We weren't the only ones to feel this way. A friend our ours and his husband were exploring the idea of Uruguay. I began to look into what life would be like in Uruguay and after a few weeks decided that it was not a good fit for us at all. It is too hot for us, and while Uruguay is relatively stable as a country, the surrounding countries are anything but. The orange haired beast took office and of course, things immediately began to change. But as crazy as it was, we felt it was manageable. Logic and truth would ultimately win, right?
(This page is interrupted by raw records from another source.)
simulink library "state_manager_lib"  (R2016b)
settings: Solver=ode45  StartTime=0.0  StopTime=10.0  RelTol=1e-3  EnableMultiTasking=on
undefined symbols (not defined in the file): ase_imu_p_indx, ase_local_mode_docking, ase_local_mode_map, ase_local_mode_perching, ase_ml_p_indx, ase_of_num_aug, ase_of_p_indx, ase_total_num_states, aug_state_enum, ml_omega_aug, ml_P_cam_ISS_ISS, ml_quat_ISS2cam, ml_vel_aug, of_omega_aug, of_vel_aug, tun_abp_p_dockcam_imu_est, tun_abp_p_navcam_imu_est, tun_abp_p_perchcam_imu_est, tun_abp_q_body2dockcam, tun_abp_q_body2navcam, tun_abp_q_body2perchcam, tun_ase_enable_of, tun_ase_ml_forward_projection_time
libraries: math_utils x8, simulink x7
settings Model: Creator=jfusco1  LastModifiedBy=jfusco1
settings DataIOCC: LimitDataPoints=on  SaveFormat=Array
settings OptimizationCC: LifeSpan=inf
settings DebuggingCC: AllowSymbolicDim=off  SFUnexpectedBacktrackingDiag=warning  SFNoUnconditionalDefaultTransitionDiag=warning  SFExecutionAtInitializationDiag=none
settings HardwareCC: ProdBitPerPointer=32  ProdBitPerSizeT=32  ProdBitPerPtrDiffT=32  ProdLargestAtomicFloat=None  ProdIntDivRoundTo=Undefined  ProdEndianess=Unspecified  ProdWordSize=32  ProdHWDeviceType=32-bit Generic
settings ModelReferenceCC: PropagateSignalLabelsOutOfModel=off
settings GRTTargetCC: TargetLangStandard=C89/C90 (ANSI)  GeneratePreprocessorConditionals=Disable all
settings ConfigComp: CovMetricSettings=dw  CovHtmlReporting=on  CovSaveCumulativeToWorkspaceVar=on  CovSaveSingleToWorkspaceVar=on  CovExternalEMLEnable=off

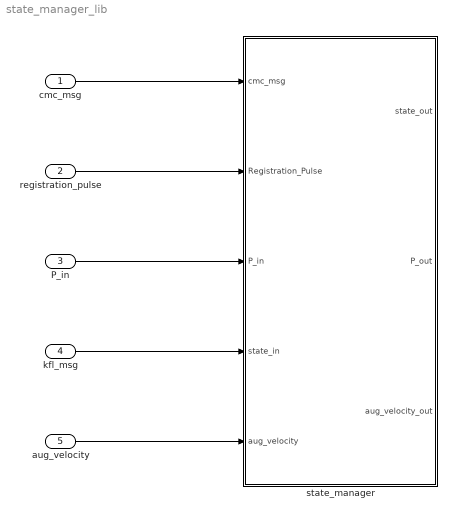
== system state_manager_lib ==
  cmc_msg : Inport  OutDataTypeStr=Bus: cmc_msg
  registration_pulse : Inport  Port=2  OutDataTypeStr=Bus: cvs_registration_pulse
  P_in : Inport  Port=3
  kfl_msg : Inport  Port=4  OutDataTypeStr=Bus: kfl_msg
  aug_velocity : Inport  Port=5
  state_manager : Subsystem
  wires:
  registration_pulse/1 -> state_manager/2(Registration_Pulse)
  kfl_msg/1 -> state_manager/4(state_in)
  P_in/1 -> state_manager/3(P_in)
  aug_velocity/1 -> state_manager/5(aug_velocity)
  cmc_msg/1 -> state_manager/1(cmc_msg)

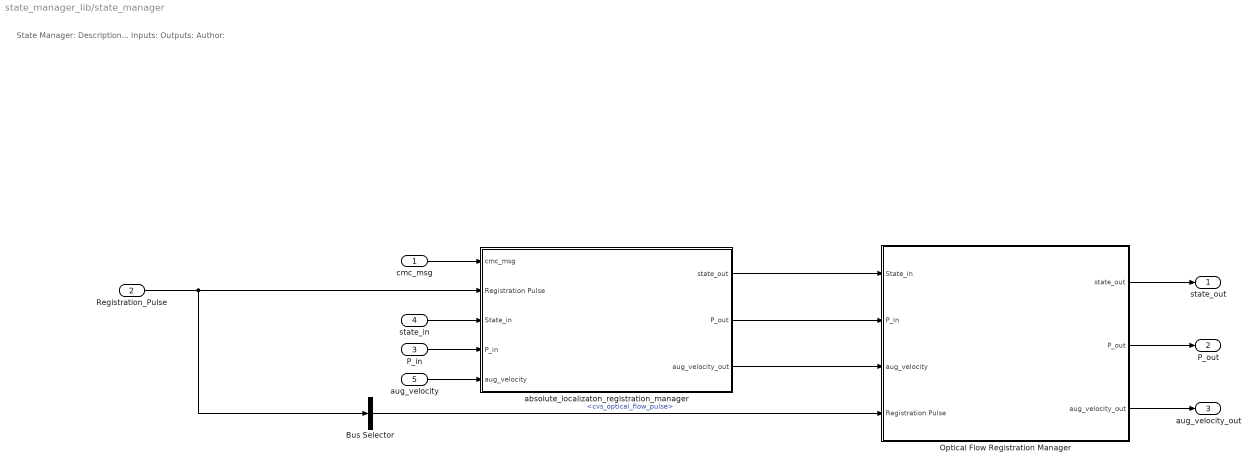
== system state_manager_lib/state_manager ==
  note: State Manager:
      | Description...
      |
      | Inputs:
      |
      | Outputs:
      |
      | Author:
  cmc_msg : Inport
  Registration_Pulse : Inport  Port=2
  P_in : Inport  Port=3  OutDataTypeStr=ase_cov_datatype
  state_in : Inport  Port=4
  aug_velocity : Inport  Port=5
  Bus Selector : BusSelector  OutputSignals=cvs_optical_flow_pulse
  Optical Flow Registration Manager : Subsystem
  absolute_localizaton_registration_manager : Subsystem
  state_out : Outport
  P_out : Outport  Port=2
  aug_velocity_out : Outport  Port=3
  wires:
  Optical Flow Registration Manager/3(aug_velocity_out) -> aug_velocity_out/1
  absolute_localizaton_registration_manager/3(aug_velocity_out) -> Optical Flow Registration Manager/3(aug_velocity)
  aug_velocity/1 -> absolute_localizaton_registration_manager/5(aug_velocity)
  state_in/1 -> absolute_localizaton_registration_manager/3(State_in)
  P_in/1 -> absolute_localizaton_registration_manager/4(P_in)
  absolute_localizaton_registration_manager/1(state_out) -> Optical Flow Registration Manager/1(State_in)
  Registration_Pulse/1 -> Bus Selector/1, absolute_localizaton_registration_manager/2(Registration Pulse)
  Bus Selector/1 -> Optical Flow Registration Manager/4(Registration Pulse)  "<cvs_optical_flow_pulse>"
  Optical Flow Registration Manager/1(state_out) -> state_out/1
  Optical Flow Registration Manager/2(P_out) -> P_out/1
  absolute_localizaton_registration_manager/2(P_out) -> Optical Flow Registration Manager/2(P_in)
  cmc_msg/1 -> absolute_localizaton_registration_manager/1(cmc_msg)

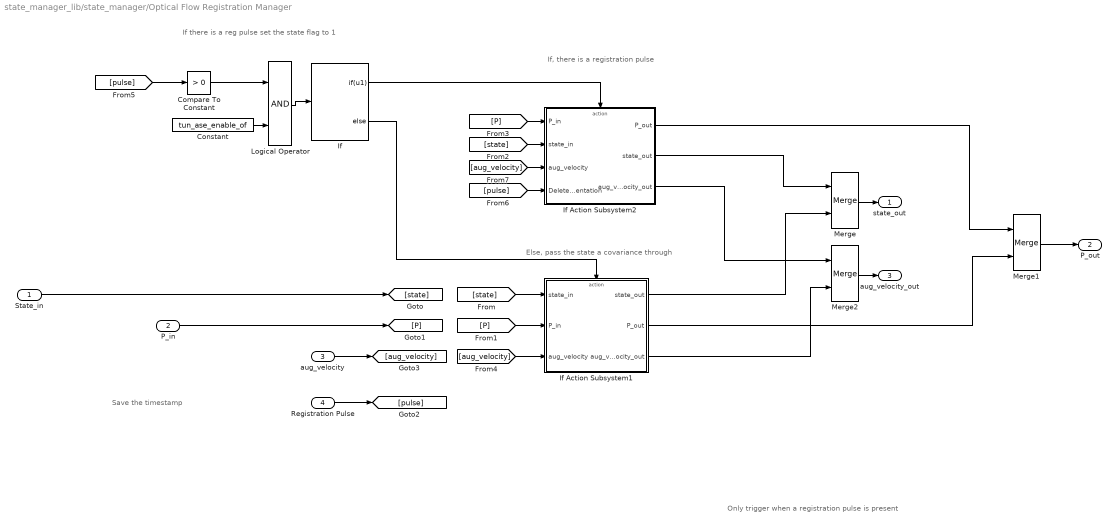
== system state_manager_lib/state_manager/Optical Flow Registration Manager ==
  note: Only trigger when a registration pulse is present
  note: If, there is a registration pulse
  note: Else, pass the state a covariance through
  note: Save the timestamp
  note: If there is a reg pulse set the state flag to 1
  State_in : Inport
  P_in : Inport  Port=2
  aug_velocity : Inport  Port=3
  Registration Pulse : Inport  Port=4
  Compare To Constant : simulink/Logic and Bit Operations/Compare To Constant  relop=>  const=0  OutDataTypeStr=boolean
  Constant : Constant  Value=tun_ase_enable_of
  If : If  IfExpression=u1
  If Action Subsystem1 : Subsystem  TreatAsAtomicUnit=on
  If Action Subsystem2 : Subsystem  TreatAsAtomicUnit=on
  Logical Operator : Logic  AllPortsSameDT=off  OutDataTypeStr=boolean
  Merge : Merge
  Merge1 : Merge
  Merge2 : Merge
  state_out : Outport
  P_out : Outport  Port=2
  aug_velocity_out : Outport  Port=3
  wires:
  If Action Subsystem1/3(aug_velocity_out) -> Merge2/2
  If Action Subsystem2/3(aug_velocity_out) -> Merge2/1
  Merge2/1 -> aug_velocity_out/1
  [aug_velocity] -> If Action Subsystem1/3(aug_velocity)
  [aug_velocity] -> If Action Subsystem2/3(aug_velocity)
  aug_velocity/1 -> [aug_velocity]
  [state] -> If Action Subsystem1/1(state_in)
  P_in/1 -> [P]
  [P] -> If Action Subsystem1/2(P_in)
  If/2 -> If Action Subsystem1/Action
  If/1 -> If Action Subsystem2/Action
  If Action Subsystem2/2(state_out) -> Merge/1
  [state] -> If Action Subsystem2/2(state_in)
  [P] -> If Action Subsystem2/1(P_in)
  If Action Subsystem2/1(P_out) -> Merge1/1
  Merge/1 -> state_out/1
  Merge1/1 -> P_out/1
  Logical Operator/1 -> If/1
  Compare To Constant/1 -> Logical Operator/1
  Constant/1 -> Logical Operator/2
  If Action Subsystem1/1(state_out) -> Merge/2
  If Action Subsystem1/2(P_out) -> Merge1/2
  State_in/1 -> [state]
  Registration Pulse/1 -> [pulse]
  [pulse] -> Compare To Constant/1
  [pulse] -> If Action Subsystem2/4(Deleted Augmentation)

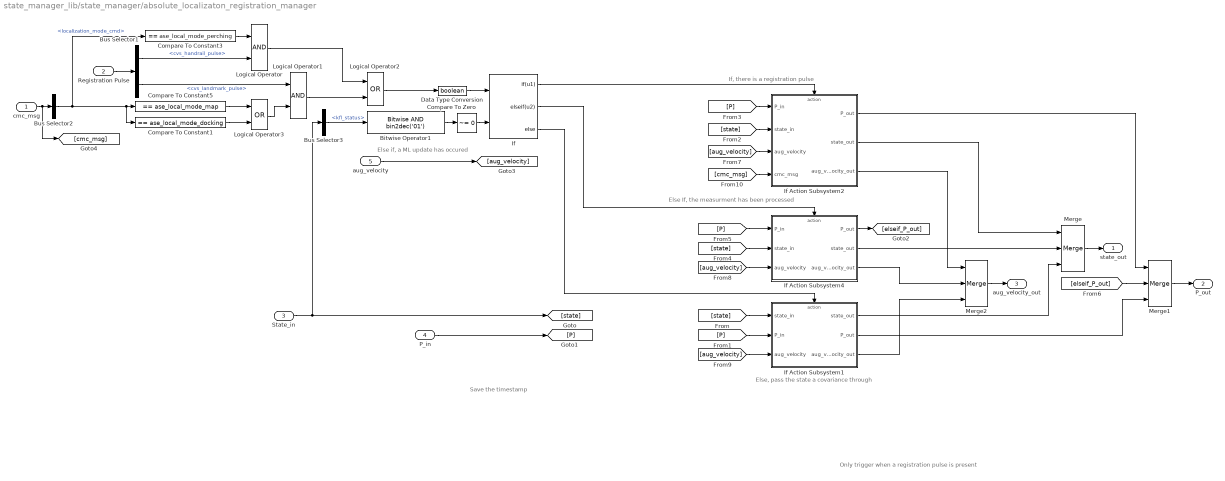
== system state_manager_lib/state_manager/absolute_localizaton_registration_manager ==
  note: Else If, the measurment has been processed
  note: Save the timestamp
  note: Else, pass the state a covariance through
  note: If, there is a registration pulse
  note: Only trigger when a registration pulse is present
  note: Else if, a ML update has occured
  cmc_msg : Inport
  Registration Pulse : Inport  Port=2
  State_in : Inport  Port=3
  P_in : Inport  Port=4
  aug_velocity : Inport  Port=5
  Bitwise Operator1 : simulink/Logic and Bit Operations/Bitwise Operator  logicop=AND  UseBitMask=on  BitMask=bin2dec('01')  BitMaskRealWorld=Stored Integer
  Bus Selector1 : BusSelector  OutputSignals=cvs_handrail_pulse,cvs_landmark_pulse
  Bus Selector2 : BusSelector  OutputSignals=localization_mode_cmd
  Bus Selector3 : BusSelector  OutputSignals=kfl_status
  Compare To Constant1 : simulink/Logic and Bit Operations/Compare To Constant  relop===  const=ase_local_mode_docking  OutDataTypeStr=boolean
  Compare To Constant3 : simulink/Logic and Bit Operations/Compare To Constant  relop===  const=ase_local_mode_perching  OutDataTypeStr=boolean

We decided to just pretend things would be fine, putting aside the idea of moving abroad. Instead, we shifted our focus on how we could change our insanely crazy (but still wonderful) lives in Manhattan and make changes in our lives which would give us a better work-life balance and a bigger sense of comfort. To that end... In the spring of 2017, we purchased a house in a different city...
To be continued...
Seriously, this first post was mostly written out in December of 2022, but not everyone knew about our big move yet, and it would be a while before we were formally ready to go public.
I haven’t looked in years, but just discovered my old Blogspot photo blog (Looper) from Chicago is still alive, sixteen plus years later. There were other photo blogs, but they have not survived with the exception of my Tumblr: iPhoneographyNYC
My blog about our New York apartment: HalfClassicSix
And the house blog about our 1852 rowhouse in Philly: OurPhillyRow
Really…. I do not intend this to be a blog about politics. Clearly some of my views will be clearly obvious, but that is definitely not the point of An American In Porto.
The following year, in June of 2015, our marriage was cemented into law by the Supreme Court. Legal marriage was something I would have never imagined could happen only a few short years earlier. For the very first time in my life, I felt like a first class citizen. An equal to those around me. It was a joyous time, and a huge achievement for those of us who have been minimized because of who we happen to fall in love with.
Hello from a fellow queer American in Porto (VNDG) with my queer and trans family.
Boa sorte. Enjoy Porto. I am 7 years ( contentedly) into Portugal, originally from the suburbs of NYC, from the 70’s to 2015 in Hamburg, a 2 yr stint in SW England ( tiny village ). But leaving your life in the City? I always think of Joanie Mitchell, you don’t know what you’ve got till it’s gone…tell me again when the novelty wears off.